I gazed toward the garden and saw a lady dressed in splendid attire, her radiance surpassing the branches beneath the summer sun, her beauty more delicate than the lilies of May…

"What are you muttering about? 'Lady'? 'Lilies'?" Field turned around, neck craned curiously to peek at the book’s contents—he had good reason to suspect his companion was hiding something intriguing from him.

The mules, lacking initiative once again, drove the wheel hub into a mud pit; the two men bounced like beans in a hot pan, their hips and pelvises aching from the collisions.

"Damn it, Field, I shouldn’t have dragged you out with me!"

Dominic lay helplessly amid the scattered cargo, wishing he could slap his morning self for believing that ridiculous lie about driving—he must have made it up just to get out for a stroll.

The short poem he’d just recalled vanished without a trace; his mind was blank except for the rush of blood surging upward.

He strained to recall the context, but gained little—only pigeon-like fragments of phrases scattered as his consciousness approached, gone without a trace, leaving only one or two feathers as symbols of their existence.

“So what exactly are you muttering about?”

"Just a poem." Dominic realized he was about to lose this poem; he’d copied it from a volume temporarily borrowed from the Dunling Library, and now both the text and his memory were fading—perhaps he’d never get another chance to recover it.

Like the feeling that had just slipped away, people always lose certain things permanently without realizing it. This irreversible loss left his mood momentarily low.

“What poem?”

“I promise it contains nothing you’d find interesting. Watch the road!”

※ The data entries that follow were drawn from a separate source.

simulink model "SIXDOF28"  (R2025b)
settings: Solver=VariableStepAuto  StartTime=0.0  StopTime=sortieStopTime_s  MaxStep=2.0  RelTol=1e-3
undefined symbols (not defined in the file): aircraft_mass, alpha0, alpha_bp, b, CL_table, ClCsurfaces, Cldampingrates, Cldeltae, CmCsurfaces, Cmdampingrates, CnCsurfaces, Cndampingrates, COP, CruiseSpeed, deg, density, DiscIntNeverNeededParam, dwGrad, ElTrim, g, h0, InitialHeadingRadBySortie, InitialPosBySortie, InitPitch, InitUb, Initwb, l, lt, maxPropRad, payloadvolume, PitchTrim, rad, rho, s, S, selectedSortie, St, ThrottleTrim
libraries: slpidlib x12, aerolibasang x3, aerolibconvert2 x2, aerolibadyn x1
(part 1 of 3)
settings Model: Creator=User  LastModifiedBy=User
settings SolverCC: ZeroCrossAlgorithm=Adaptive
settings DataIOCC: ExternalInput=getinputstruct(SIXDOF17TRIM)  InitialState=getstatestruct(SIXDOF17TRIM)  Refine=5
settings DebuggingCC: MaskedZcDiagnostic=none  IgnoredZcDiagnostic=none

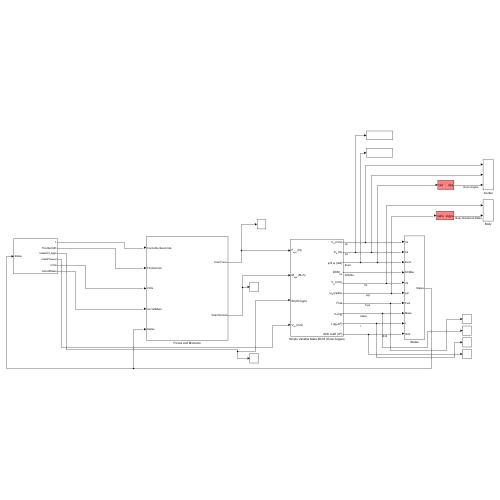
[thumbnail: Simulink's stored preview of the top-level diagram]
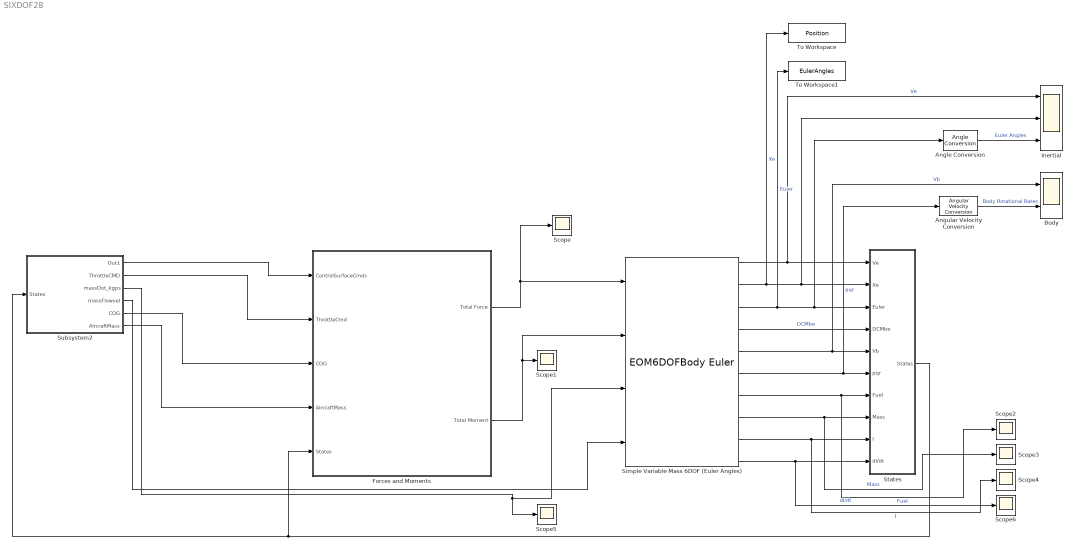
== system SIXDOF28 ==
  Angle Conversion : aerolibconvert2/Angle Conversion  IU=rad  OU=deg
  Angular Velocity Conversion : aerolibconvert2/Angular Velocity Conversion  IU=rad/s  OU=deg/s
  Body : Scope  NumInputPorts=2
      settings: TimeSpan=10  ActiveDisplayYMinimum=-7.1173373143171261  ActiveDisplayYMaximum=39.342522904173691
  Forces and Moments : Subsystem
  Inertial : Scope  NumInputPorts=3
      settings: TimeSpan=10  ActiveDisplayYMinimum=-30.17741938857975  ActiveDisplayYMaximum=31.493242322208388  DataLoggingVariableName=InertialData
  Scope{,1..6} (7 alike) : Scope
      Scope settings: ActiveDisplayYMinimum=-1086.3345140909432  ActiveDisplayYMaximum=956.25135632506715  DataLoggingVariableName=ScopeData65
      Scope1 settings: ActiveDisplayYMinimum=-0.001966592183015876  ActiveDisplayYMaximum=0.0097082532484662285  DataLoggingVariableName=ScopeData66
      Scope2 settings: ActiveDisplayYMinimum=-1  ActiveDisplayYMaximum=1  DataLoggingVariableName=ScopeData57
      Scope3 settings: ActiveDisplayYMinimum=92.2325499999995  ActiveDisplayYMaximum=150.86305000000004  DataLoggingVariableName=ScopeData60
      Scope4 settings: DataLoggingVariableName=ScopeData82
      Scope5 settings: ActiveDisplayYMinimum=-1  ActiveDisplayYMaximum=1  DataLoggingVariableName=ScopeData120
      Scope6 settings: DataLoggingVariableName=ScopeData92
  Simple Variable Mass 6DOF (Euler Angles) : EOM6DOFBodyEuler  mtype=Simple Variable  xme_0=InitialPosBySortie(selectedSortie,:)  Vm_0=[InitUb 0 Initwb]  eul_0=[0 InitPitch InitialHeadingRadBySortie(selectedSortie)]  mass_0=aircraft_mass  mass_e=emptymass  mass_f=aircraft_mass  inertia_e=EmptyInertiaMatrix  inertia_f=FullInertiaMatrix  vre_flag=on  mass_flag=on
  States : Subsystem
  Subsystem2 : Subsystem
  To Workspace : ToWorkspace  VariableName=Position  SaveFormat=Timeseries  SampleTime=-1
  To Workspace1 : ToWorkspace  VariableName=EulerAngles  SaveFormat=Timeseries  SampleTime=-1
  wires:
  Angle Conversion/1 -> Inertial/3  "Euler Angles"
  Angular Velocity Conversion/1 -> Body/2  "Body Rotational Rates"
  States/1(States) -> Subsystem2/1(States), Forces and Moments/5(States)
  Subsystem2/1(Out1) -> Forces and Moments/1(ControlSurfaceCmds)
  Forces and Moments/1(Total Force) -> Simple Variable Mass 6DOF (Euler Angles)/1, Scope/1
  Forces and Moments/2(Total Moment) -> Simple Variable Mass 6DOF (Euler Angles)/2, Scope1/1
  Subsystem2/2(ThrottleCMD) -> Forces and Moments/2(ThrottleCmd)
  Subsystem2/3(massDot_kgps) -> Simple Variable Mass 6DOF (Euler Angles)/3, Scope5/1
  Subsystem2/4(massFlowvel) -> Simple Variable Mass 6DOF (Euler Angles)/4
  Subsystem2/5(COG) -> Forces and Moments/3(COG)
  Subsystem2/6(AircraftMass) -> Forces and Moments/4(AircraftMass)
  Simple Variable Mass 6DOF (Euler Angles)/1 -> States/1(Ve), Inertial/1  "Ve"
  Simple Variable Mass 6DOF (Euler Angles)/2 -> To Workspace/1, States/2(Xe), Inertial/2  "Xe"
  Simple Variable Mass 6DOF (Euler Angles)/3 -> To Workspace1/1, States/3(Euler), Angle Conversion/1  "Euler"
  Simple Variable Mass 6DOF (Euler Angles)/4 -> States/4(DCMbe)  "DCMbe"
  Simple Variable Mass 6DOF (Euler Angles)/5 -> Body/1, States/5(Vb)  "Vb"
  Simple Variable Mass 6DOF (Euler Angles)/6 -> Angular Velocity Conversion/1, States/6(pqr)  "pqr"
  Simple Variable Mass 6DOF (Euler Angles)/7 -> Scope2/1, States/7(Fuel)  "Fuel"
  Simple Variable Mass 6DOF (Euler Angles)/8 -> Scope3/1, States/8(Mass)  "Mass"
  Simple Variable Mass 6DOF (Euler Angles)/9 -> Scope4/1, States/9(I)  "I"
  Simple Variable Mass 6DOF (Euler Angles)/10 -> Scope6/1, States/10(dI/dt)  "dI/dt"

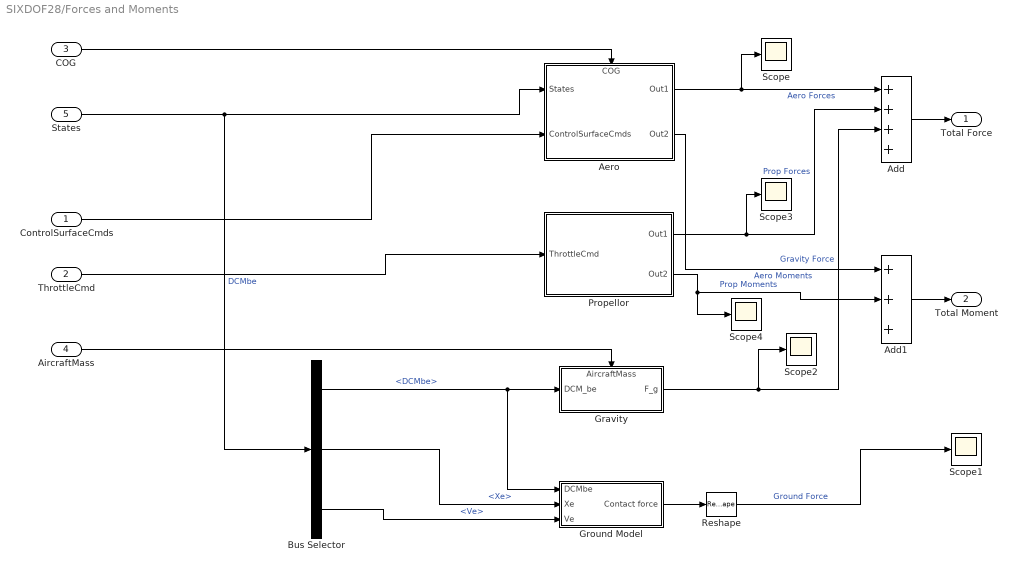
== system SIXDOF28/Forces and Moments ==
  ControlSurfaceCmds : Inport
  ThrottleCmd : Inport  Port=2
  COG : Inport  Port=3
  AircraftMass : Inport  Port=4
  States : Inport  Port=5
  Add : Sum  Inputs=++++
  Add1 : Sum  Inputs=+++
  Aero : Subsystem
      settings: PortSchema="{\"entries\":[{\"content\":{\"sides\":[{\"content\":{\"connectorIds\":[\"In1\",\"In2\"]},\"type\":\"ConnectorPlacement.EquallySpacedRectSide\",\"uuid\":\"609f64a6-fe2d-463f-8571-6107a2609829\"},{\"content\":{\"connectorIds\":[\"Out1\",\"Out2\"],\"side\":\"RIGHT\"},\"type\":\"ConnectorPlacement.EquallySpacedRectSide\",\"uuid\":\"636f2898-b73d-43f5-aead-2dc1a8211e6d\"},{\"content\":{\"connectorIds\":[\"In3\"],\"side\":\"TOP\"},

The cart had already entered the mountain path; if the driver so much as glanced away, they might both be promoted to the Heavenly Father’s side by tonight.

What had seemed like a road slightly too wide now appeared perfectly reasonable—the light in the mountains faded far faster than on flat ground. While the cliff walls above still reflected blinding rays, the shaded trail ahead had become nearly impossible to see.

Where vegetation grew thick on either side, the boundary merged indistinctly with the deep ravine; at a glance, it looked like a flat meadow—but a single misstep would send cart and riders tumbling down, their traces lost forever.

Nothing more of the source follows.